Can you look up a word in the dictionary without it being in a book?  You know, like a real dictionary?  If not is there an app that would give that capability.  Would be a good thing for students especially!


----------



## ireadbooks (Jan 11, 2011)

I asked this exact same question not too long ago. Turns out you can't use it as a standalone dictionary, but there are apps.

Check out this thread: http://www.kboards.com/index.php/topic,96351.0.html


----------



## Vegas_Asian (Nov 2, 2008)

Wow didn't know that.....
I gotta try the search option at the top of the fire screen....

Sent from my HTC Inspire via Tapatalk


----------



## Vegas_Asian (Nov 2, 2008)

It failed....

Sent from my HTC Inspire via Tapatalk


----------



## Sean Patrick Fox (Dec 3, 2011)

ireadbooks said:


> I asked this exact same question not too long ago. Turns out you can't use it as a standalone dictionary, but there are apps.
> 
> Check out this thread: http://www.kboards.com/index.php/topic,96351.0.html


That's pretty funny. Although not an option, I generally have my iPhone with any time I have my Kindle, and looking up words on that is much quicker than on the Kindle.
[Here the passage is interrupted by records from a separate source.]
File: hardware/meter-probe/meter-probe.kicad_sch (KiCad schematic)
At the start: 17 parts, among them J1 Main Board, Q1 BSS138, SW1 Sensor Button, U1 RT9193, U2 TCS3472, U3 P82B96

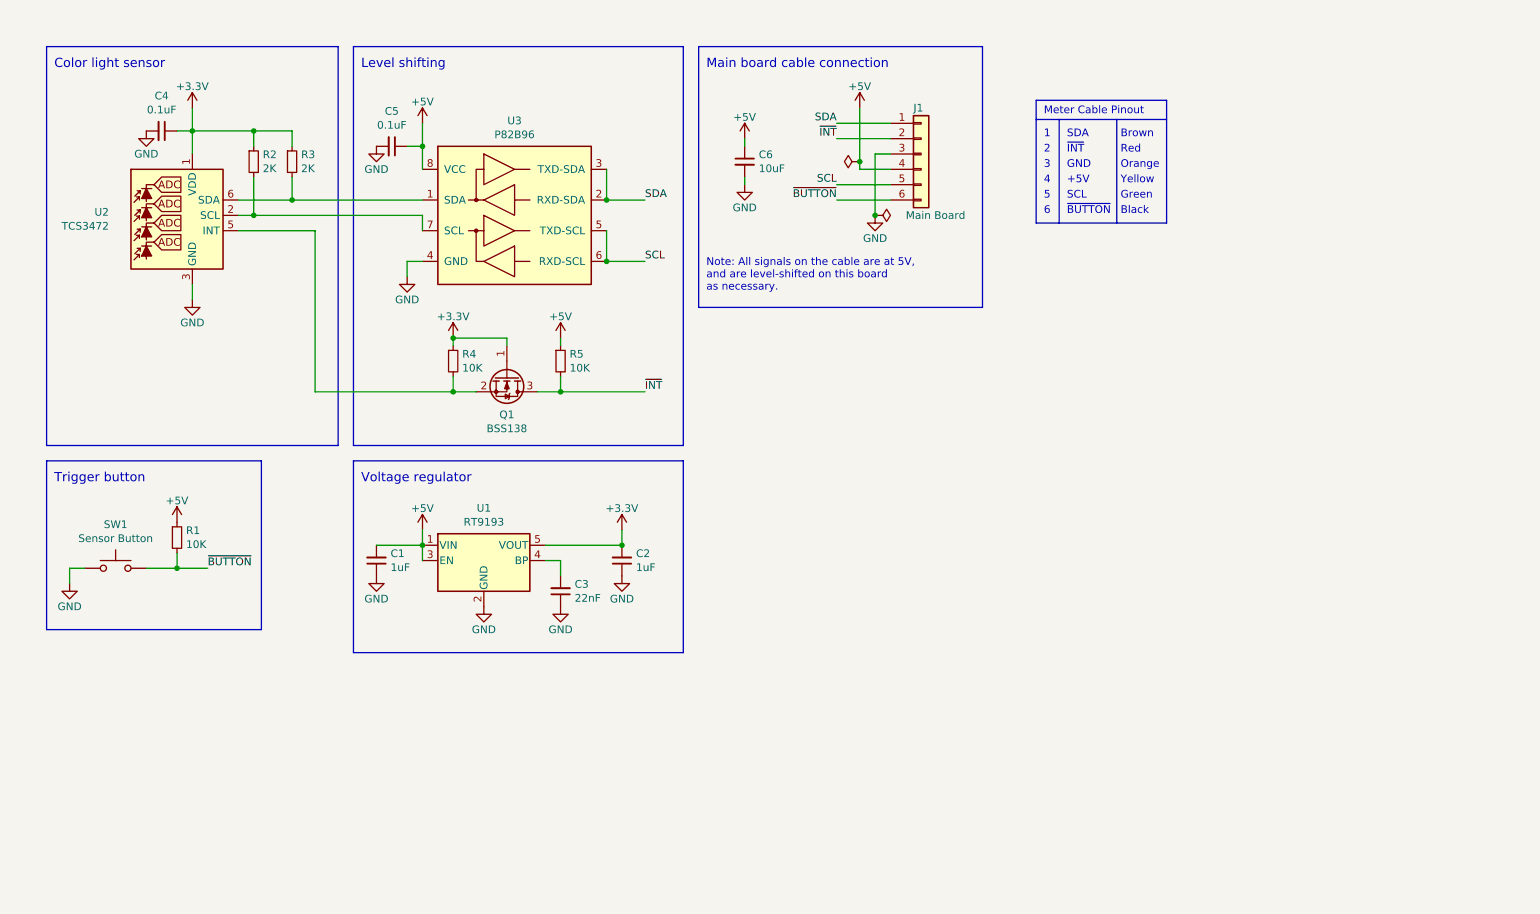
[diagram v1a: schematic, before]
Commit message: First pass at updating meter probe schematic
At this stage, the goal is not to change the sensor, but to update
everything else that is unlikely to meaningfully differ if the sensor is
changed.
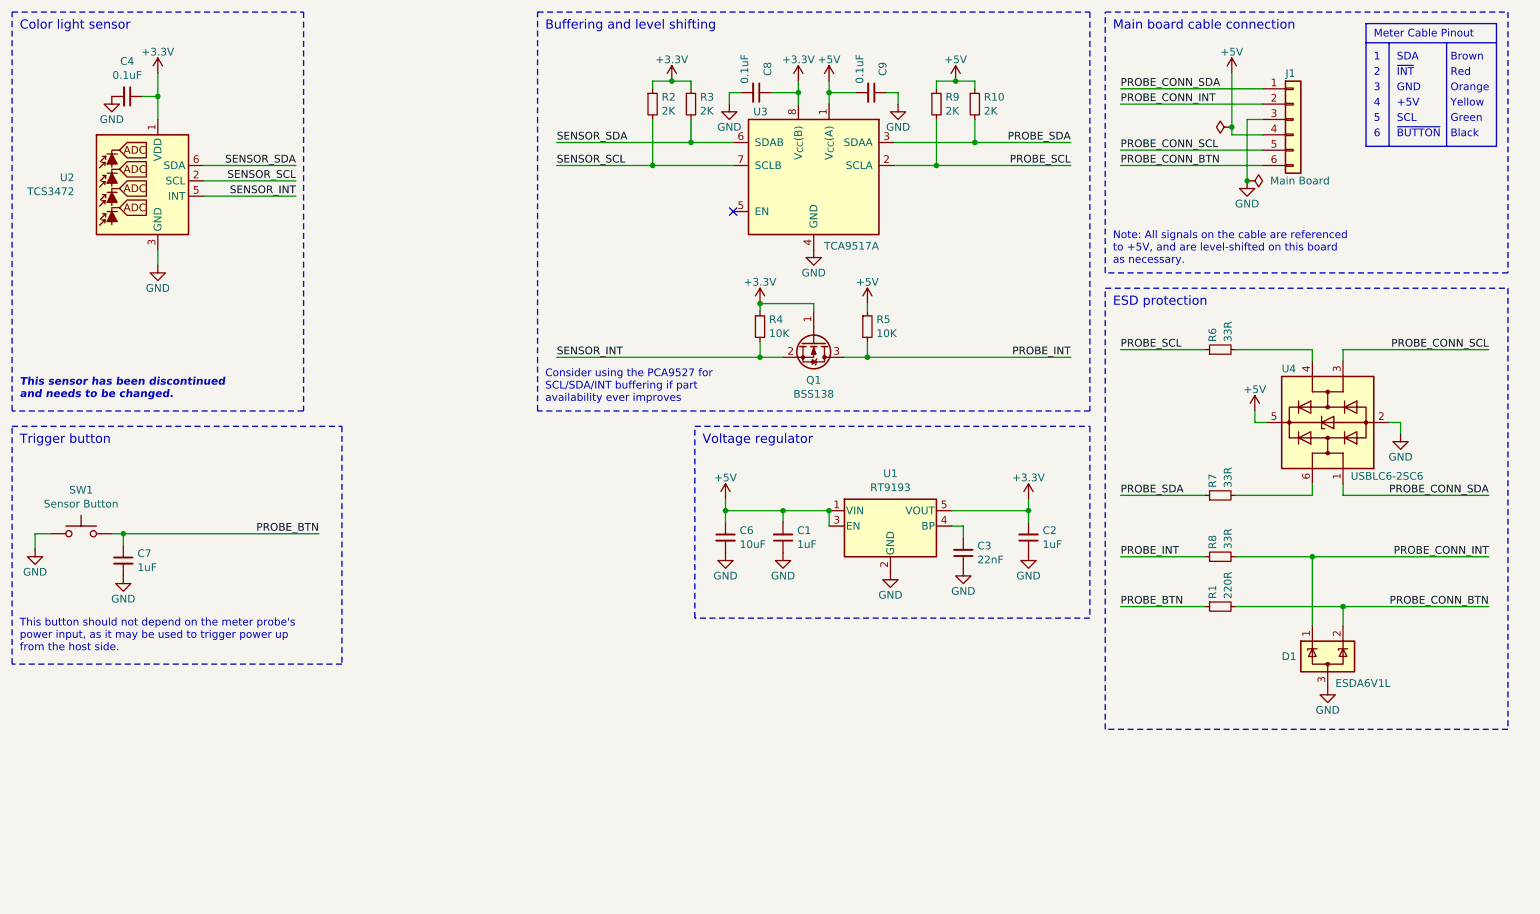
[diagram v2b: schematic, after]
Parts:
- removed C5: 0.1uF, Capacitor_SMD:C_0603_1608Metric, symbol Device:C_Small
- removed U3: P82B96, Package_SO:SOIC-8_3.9x4.9mm_P1.27mm, symbol Interface_Expansion:P82B96
- added C7: 1uF, Capacitor_SMD:C_0603_1608Metric, symbol Device:C_Small
- added C8, C9: 0.1uF, Capacitor_SMD:C_0603_1608Metric, symbol Device:C_Small
- added D1: ESDA6V1L, lib_fp:SOT23-3L, symbol Project:ESDA6V1L
- added R10, R9: 2K, Resistor_SMD:R_0603_1608Metric, symbol Device:R_Small
- added R6, R7, R8: 33R, Resistor_SMD:R_0603_1608Metric, symbol Device:R_Small
- added U3: TCA9517A, Package_SO:VSSOP-8_3.0x3.0mm_P0.65mm, symbol Project:TCA9517A
- added U4: USBLC6-2SC6, Package_TO_SOT_SMD:SOT-23-6, symbol Power_Protection:USBLC6-2SC6
- R1: value 10K -> 220R; Manufacturer Vishay Dale -> YAGEO; Manufacturer PN CRCW060310K0JNEA -> RC0603JR-07220RL; Supplier PN 541-10KGCT-ND -> 311-220GRCT-ND
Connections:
- net +3.3V: now also C8.1, U3.8 (V_{CC}(B))
- net +5V: now also C9.2, R10.1, R9.1, U3.1 (V_{CC}(A)), U4.5 (VBUS); no longer R1.1
- net GND: now also C7.2, C8.2, C9.1, D1.3 (A), U3.4 (GND), U4.2 (GND)
- net SENSOR_SCL: now reaches R2.2, U2.2 (SCL)
- net SENSOR_SCL: now also U3.7 (SCLB)
- net SENSOR_INT: now reaches Q1.2 (S), R4.2, U2.5 (INT)
- net SENSOR_SDA: now reaches R3.2, U2.6 (SDA)
- net SENSOR_SDA: now also U3.6 (SDAB)
- net SCL renamed PROBE_CONN_SCL
- net PROBE_CONN_SCL: now also U4.3 (I/O2)
- net SDA renamed PROBE_CONN_SDA
- net PROBE_CONN_SDA: now also U4.1 (I/O1)
- net ~{BUTTON} renamed PROBE_CONN_BTN
- net PROBE_CONN_BTN: now also D1.2 (K); no longer SW1.2
- net ~{INT} renamed PROBE_INT
- net PROBE_INT: now also R8.1; no longer J1.2 (Pin_2)
- new net: R6.2, U4.4 (I/O2)
- new net: R7.2, U4.6 (I/O1)
- new net PROBE_BTN: C7.1, R1.1, SW1.2
- new net PROBE_CONN_INT: D1.1 (K), J1.2 (Pin_2), R8.2
- new net PROBE_SCL: R6.1, R9.2, U3.2 (SCLA)
- new net PROBE_SDA: R10.2, R7.1, U3.3 (SDAA)
- no-connect marks 0 -> 1
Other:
- note added: "Buffering and level shifting"
- note added: "Consider using the PCA9527 for SCL/SDA/INT buffering if part availability ever improves"
- note added: "ESD protection"
- note added: "Note: All signals on the cable are referenced to +5V, and are level-shifted on this board as necessary."
- note added: "This button should not depend on the meter probe's power input, as it may be used to trigger power up from the host side."
- note added: "This sensor has been discontinued and needs to be changed."
- note removed: "Level shifting"
- note removed: "Note: All signals on the cable are at 5V, and are level-shifted on this board as necessary."
- moved on the sheet: C1, C2, C3, C4, C6, J1, Q1, R2, R3, R4, R5, SW1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

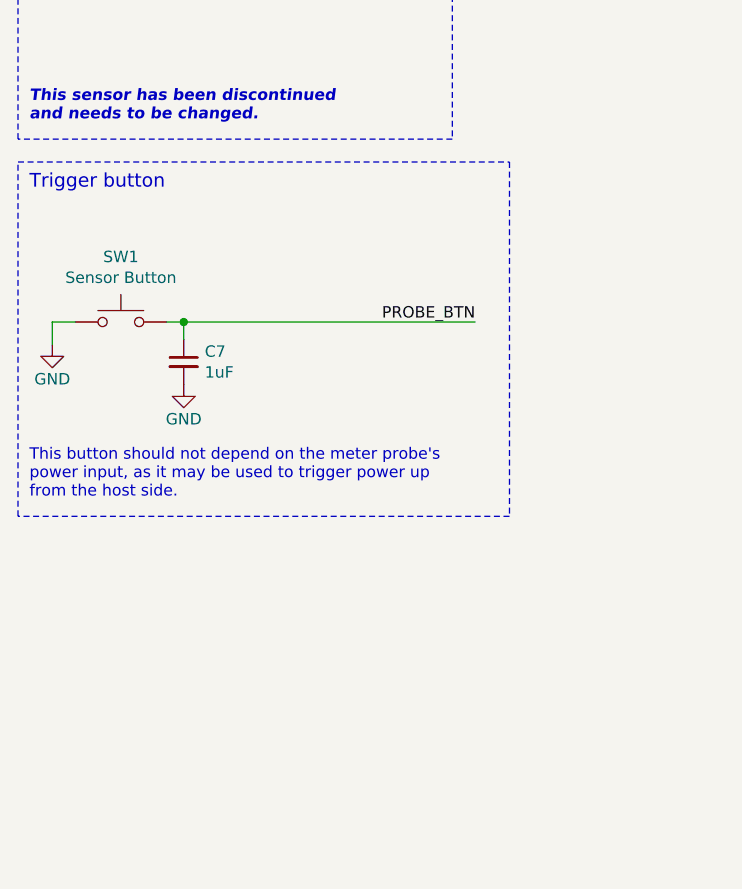
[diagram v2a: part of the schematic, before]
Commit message: Added I2C EEPROM to schematic
This will be used for meter probe identification and calibration data
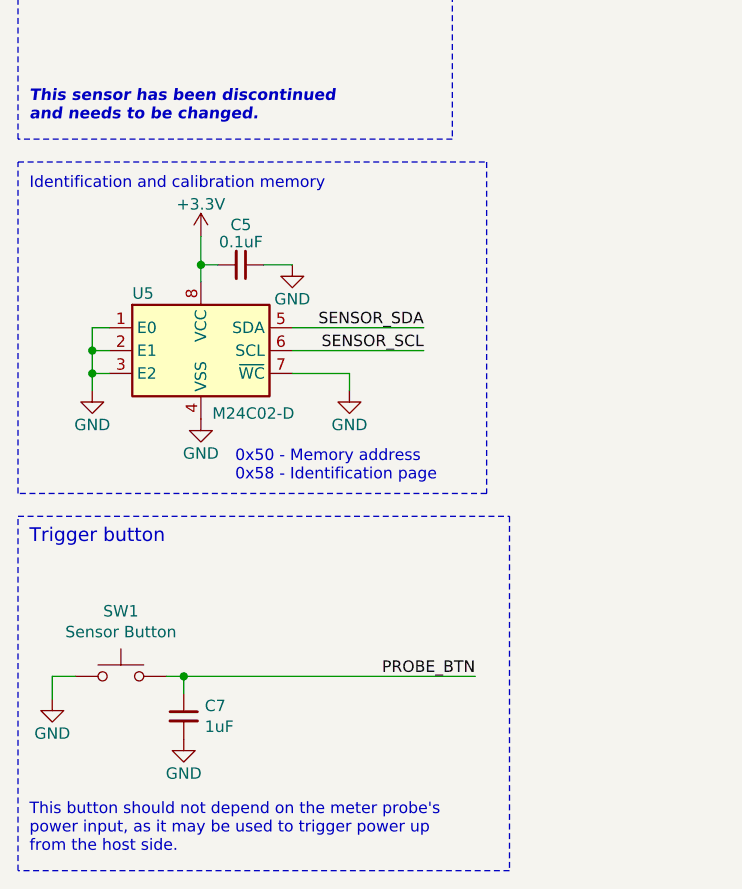
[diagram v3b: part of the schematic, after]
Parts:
- added C5: 0.1uF, Capacitor_SMD:C_0603_1608Metric, symbol Device:C_Small
- added U5: M24C02-D, Package_SO:TSSOP-8_4.4x3mm_P0.65mm, symbol Memory_EEPROM:M24C02-RDW
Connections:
- net +3.3V: now also C5.2, U5.8 (VCC)
- net GND: now also C5.1, U5.1 (E0), U5.2 (E1), U5.3 (E2), U5.4 (VSS), U5.7 (~{WC})
- net SENSOR_SCL: now also U5.6 (SCL)
- net SENSOR_SDA: now also U5.5 (SDA)
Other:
- note added: "0x50 - Memory address 0x58 - Identification page"
- note added: "Identification and calibration memory"
- moved on the sheet: C7, SW1

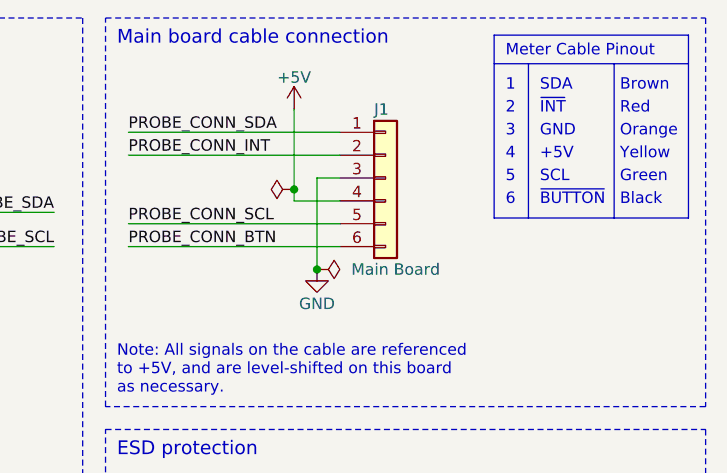
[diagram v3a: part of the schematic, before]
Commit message: Add IDC connector to schematic
This replaces a single 6-pin part with two 3-pin parts
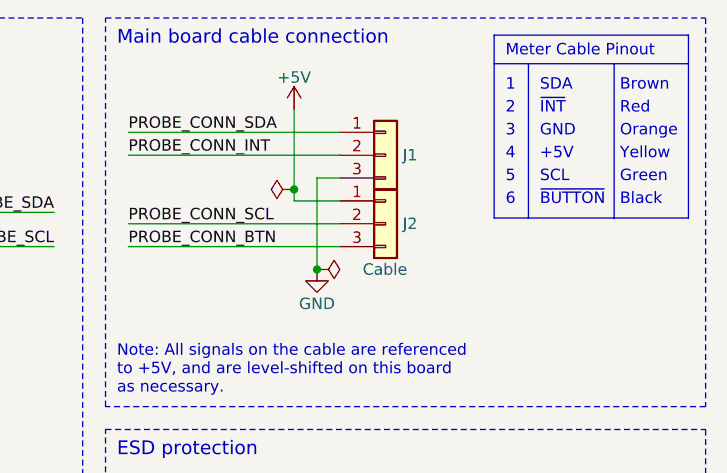
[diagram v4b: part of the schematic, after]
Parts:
- removed J1: Main Board, lib_fp:SolderWire-0.1sqmm_1x06_Cable, symbol Connector_Generic:Conn_01x06
- added J1, J2: Cable, lib_fp:AVX_IDC-009175-003-001, symbol Connector_Generic:Conn_01x03
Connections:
- net +5V: now also J2.1 (Pin_1)
- net GND: now also J1.3 (Pin_3)
- net PROBE_CONN_BTN: now also J2.3 (Pin_3)
- net PROBE_CONN_INT: now also J1.2 (Pin_2)
- net PROBE_CONN_SCL: now also J2.2 (Pin_2)
- net PROBE_CONN_SDA: now also J1.1 (Pin_1)
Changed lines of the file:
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@@
-    )
-  )
-  (symbol (lib_id "Connector_Generic:Conn_01x06") (at 227.965 33.655 0) (unit 1)
-    (in_bom yes) (on_board yes) (dnp no)
-    (property "Reference" "J1" (at 226.695 26.035 0)
-      (effects (font (size 1.27 1.27)) (justify left))
-    )
-    (property "Value" "Main Board" (at 224.155 43.815 0)
-      (effects (font (size 1.27 1.27)) (justify left))
-    )
-    (property "Footprint" "lib_fp:SolderWire-0.1sqmm_1x06_Cable" (at 227.965 33.655 0)
-      (effects (font (size 1.27 1.27)) hide)
-    )
-    (property "Datasheet" "~" (at 227.965 33.655 0)
-      (effects (font (size 1.27 1.27)) hide)
-    )
-    (property "Description" "WIRE-TO-BOARD" (at 227.965 33.655 0)
-      (effects (font (size 1.27 1.27)) hide)
-    )
-    (property "Manufacturer" "" (at 227.965 33.655 0)
-      (effects (font (size 1.27 1.27)) hide)
-    )
-    (property "Manufacturer PN" "" (at 227.965 33.655 0)
-      (effects (font (size 1.27 1.27)) hide)
-    )
-    (property "Supplier" "" (at 227.965 33.655 0)
-      (effects (font (size 1.27 1.27)) hide)
-    )
-    (property "Supplier PN" "" (at 227.965 33.655 0)
-      (effects (font (size 1.27 1.27)) hide)
-    )
-    (pin "1")
-    (pin "2")
-    (pin "3")
-    (pin "4")
-    (pin "5")
-    (pin "6")
-    (instances
-      (project "meter-probe"
-        (path "/1f1005f7-3f58-4453-9bfa-bdc1c0b6f7ed"
-          (reference "J1") (unit 1)
-        )
-      )
     )
   )
@@
     )
   )
+  (symbol (lib_id "Connector_Generic:Conn_01x03") (at 227.965 38.735 0) (unit 1)
+    (in_bom yes) (on_board yes) (dnp no)
+    (property "Reference" "J2" (at 229.87 38.735 0)
+      (effects (font (size 1.27 1.27)) (justify left))
+    )
+    (property "Value" "Cable" (at 225.425 43.815 0)
+      (effects (font (size 1.27 1.27)) (justify left))
+    )
+    (property "Footprint" "lib_fp:AVX_IDC-009175-003-001" (at 227.965 38.735 0)
+      (effects (font (size 1.27 1.27)) hide)
+    )
+    (property "Datasheet" "https://datasheets.kyocera-avx.com/Standard_00-9175.pdf" (at 227.965 38.735 0)
+      (effects (font (size 1.27 1.27)) hide)
+    )
+    (property "Description" "3-WAY WIRE TO BOARD 28 AWG" (at 227.965 38.735 0)
+      (effects (font (size 1.27 1.27)) hide)
+    )
+    (property "Manufacturer" "KYOCERA AVX" (at 227.965 38.735 0)
+      (effects (font (size 1.27 1.27)) hide)
+    )
+    (property "Manufacturer PN" "009175003001006" (at 227.965 38.735 0)
+      (effects (font (size 1.27 1.27)) hide)
+    )
+    (property "Supplier" "Mouser" (at 227.965 38.735 0)
+      (effects (font (size 1.27 1.27)) hide)
+    )
+    (property "Supplier PN" "581-009175003001006" (at 227.965 38.735 0)
+      (effects (font (size 1.27 1.27)) hide)
+    )
+    (pin "1")
+    (pin "2")
+    (pin "3")
+    (instances
+      (project "meter-probe"
+        (path "/1f1005f7-3f58-4453-9bfa-bdc1c0b6f7ed"
+          (reference "J2") (unit 1)
+        )
+      )
+    )
+  )
   (symbol (lib_id "Device:R_Small") (at 215.9 95.885 90) (unit 1)
     (in_bom yes) (on_board yes) (dnp no)
@@
         )
       )
+    )
+  )
+  (symbol (lib_id "Connector_Generic:Conn_01x03") (at 227.965 31.115 0) (unit 1)
+    (in_bom yes) (on_board yes) (dnp no)
+    (property "Reference" "J1" (at 229.87 31.115 0)
+      (effects (font (size 1.27 1.27)) (justify left))
+    )
+    (property "Value" "Cable" (at 225.425 26.035 0)
+      (effects (font (size 1.27 1.27)) (justify left) hide)
+    )
+    (property "Footprint" "lib_fp:AVX_IDC-009175-003-001" (at 227.965 31.115 0)
+      (effects (font (size 1.27 1.27)) hide)
+    )
+    (property "Datasheet" "https://datasheets.kyocera-avx.com/Standard_00-9175.pdf" (at 227.965 31.115 0)
+      (effects (font (size 1.27 1.27)) hide)
+    )
+    (property "Description" "3-WAY WIRE TO BOARD 28 AWG" (at 227.965 31.115 0)
+      (effects (font (size 1.27 1.27)) hide)
+    )
+    (property "Manufacturer" "KYOCERA AVX" (at 227.965 31.115 0)
+      (effects (font (size 1.27 1.27)) hide)
+    )
+    (property "Manufacturer PN" "009175003001006" (at 227.965 31.115 0)
+      (effects (font (size 1.27 1.27)) hide)
+    )
+    (property "Supplier" "Mouser" (at 227.965 31.115 0)
+      (effects (font (size 1.27 1.27)) hide)
+    )
+    (property "Supplier PN" "581-009175003001006" (at 227.965 31.115 0)
+      (effects (font (size 1.27 1.27)) hide)
+    )
+    (pin "1")
+    (pin "2")
+    (pin "3")
+    (instances
+      (project "meter-probe"
+        (path "/1f1005f7-3f58-4453-9bfa-bdc1c0b6f7ed"
+          (reference "J1") (unit 1)
+        )
+      )

But having the capability to do it on the Kindle, outside of a book, could come in handy.


----------



## Shastastan (Oct 28, 2009)

Thanks for these threads.  I'm getting the Merriam Webster app (free).  I need a dictionary that I can use to look up words for crossword puzzles and other word games.  This will work out nicely.

Stan


----------



## Annalog (Dec 28, 2008)

I cannot highlight, bookmark, or add notes to the dictionary on my Fire but I can on my K2. One more reason while I will keep using my K2 for reading as long as possible.


----------